Due to changes in the API regarding secp256k1_context_static described above, the ABI is not compatible with previous versions.

0.2.0 - 2022-12-12

Added

  • Added usage examples for common use cases in a new examples/ directory.
  • Added secp256k1_selftest, to be used in conjunction with secp256k1_context_static.
  • Added support for 128-bit wide multiplication on MSVC for x86_64 and arm64, giving roughly a 20% speedup on those platforms.

Changed

  • Enabled modules schnorrsig, extrakeys and ecdh by default in ./configure.
  • The secp256k1_nonce_function_rfc6979 nonce function, used by default by secp256k1_ecdsa_sign, now reduces the message hash modulo the group order to match the specification.
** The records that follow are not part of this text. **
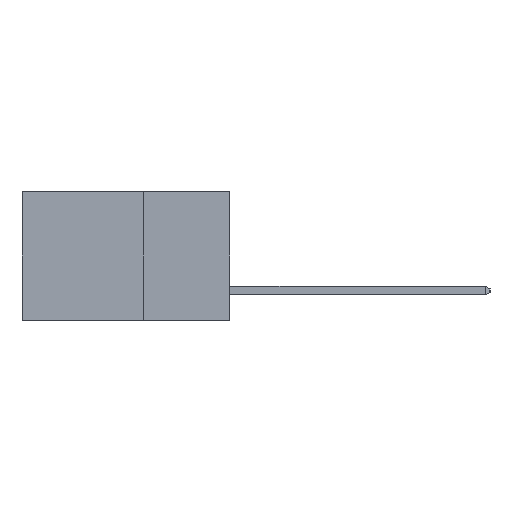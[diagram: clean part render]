
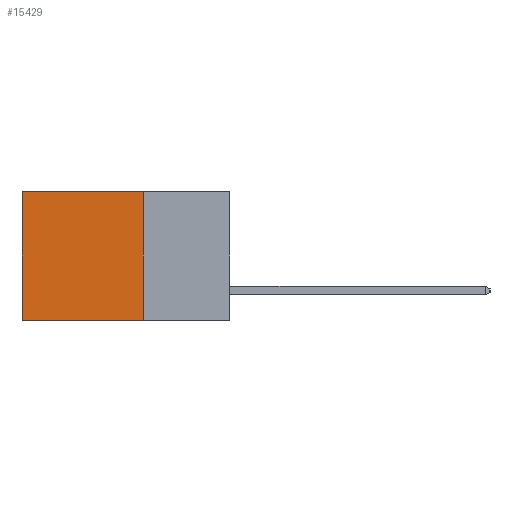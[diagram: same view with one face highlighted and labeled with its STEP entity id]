
A CAD part, left-side view. The second image highlights one B-rep face of the part: STEP entity #15429.
In plain terms, the highlighted planar face has unit normal (-1, 0, 0).
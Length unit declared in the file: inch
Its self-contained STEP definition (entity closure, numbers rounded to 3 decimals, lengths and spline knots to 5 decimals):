
#442 = CARTESIAN_POINT ( 'NONE',  ( 0.298, 0.6, -0.37 ) ) ;
#657 = CARTESIAN_POINT ( 'NONE',  ( 0.298, 0.25, 0. ) ) ;
#1388 = VERTEX_POINT ( 'NONE', #16821 ) ;
#2137 = EDGE_CURVE ( 'NONE', #12980, #1388, #5366, .T. ) ;
#4209 = EDGE_LOOP ( 'NONE', ( #22860, #12937, #10187, #19940 ) ) ;
#4420 = VECTOR ( 'NONE', #15426, 39.37008 ) ;
#4508 = EDGE_CURVE ( 'NONE', #8866, #13354, #13720, .T. ) ;
#4790 = VECTOR ( 'NONE', #7266, 39.37008 ) ;
#5366 = LINE ( 'NONE', #23113, #4790 ) ;
#6115 = AXIS2_PLACEMENT_3D ( 'NONE', #8482, #21155, #10303 ) ;
#7266 = DIRECTION ( 'NONE',  ( 0., 0., -1. ) ) ;
#7455 = EDGE_CURVE ( 'NONE', #1388, #13354, #23446, .T. ) ;
#8482 = CARTESIAN_POINT ( 'NONE',  ( 0.298, 0.25, 0. ) ) ;
#8866 = VERTEX_POINT ( 'NONE', #11532 ) ;
#10187 = ORIENTED_EDGE ( 'NONE', *, *, #2137, .F. ) ;
#10303 = DIRECTION ( 'NONE',  ( 0., 0., -1. ) ) ;
#11532 = CARTESIAN_POINT ( 'NONE',  ( 0.298, 0.6, 0. ) ) ;
#11743 = FACE_OUTER_BOUND ( 'NONE', #4209, .T. ) ;
#12150 = DIRECTION ( 'NONE',  ( 0., 0., -1. ) ) ;
#12937 = ORIENTED_EDGE ( 'NONE', *, *, #7455, .F. ) ;
#12980 = VERTEX_POINT ( 'NONE', #17680 ) ;
#13094 = DIRECTION ( 'NONE',  ( 0., 1., 0. ) ) ;
#13314 = VECTOR ( 'NONE', #13094, 39.37008 ) ;
#13354 = VERTEX_POINT ( 'NONE', #442 ) ;
#13720 = LINE ( 'NONE', #14125, #22722 ) ;
#14125 = CARTESIAN_POINT ( 'NONE',  ( 0.298, 0.6, 0. ) ) ;
#15426 = DIRECTION ( 'NONE',  ( 0., 1., 0. ) ) ;
#15429 = ADVANCED_FACE ( 'NONE', ( #11743 ), #15774, .F. ) ;
#15774 = PLANE ( 'NONE',  #6115 ) ;
#16359 = EDGE_CURVE ( 'NONE', #12980, #8866, #17721, .T. ) ;
#16774 = CARTESIAN_POINT ( 'NONE',  ( 0.298, 0.25, -0.37 ) ) ;
#16821 = CARTESIAN_POINT ( 'NONE',  ( 0.298, 0.25, -0.37 ) ) ;
#17680 = CARTESIAN_POINT ( 'NONE',  ( 0.298, 0.25, 0. ) ) ;
#17721 = LINE ( 'NONE', #657, #4420 ) ;
#19940 = ORIENTED_EDGE ( 'NONE', *, *, #16359, .T. ) ;
#21155 = DIRECTION ( 'NONE',  ( 1., 0., 0. ) ) ;
#22722 = VECTOR ( 'NONE', #12150, 39.37008 ) ;
#22860 = ORIENTED_EDGE ( 'NONE', *, *, #4508, .T. ) ;
#23113 = CARTESIAN_POINT ( 'NONE',  ( 0.298, 0.25, 0. ) ) ;
#23446 = LINE ( 'NONE', #16774, #13314 ) ;

This only affects improper use of ECDSA signing API.

Deprecated

  • Deprecated context flags SECP256K1_CONTEXT_VERIFY and SECP256K1_CONTEXT_SIGN. Use SECP256K1_CONTEXT_NONE instead.
  • Renamed secp256k1_context_no_precomp to secp256k1_context_static.
  • Module schnorrsig: renamed secp256k1_schnorrsig_sign to secp256k1_schnorrsig_sign32.

ABI Compatibility

Since this is the first release, we do not compare application binary interfaces. However, there are earlier unreleased versions of libsecp256k1 that are not ABI compatible with this version.

0.1.0 - 2013-03-05 to 2021-12-25

This version was in fact never released. The number was given by the build system since the introduction of autotools in Jan 2014 (ea0fe5a5bf). Therefore, this version number does not uniquely identify a set of source files.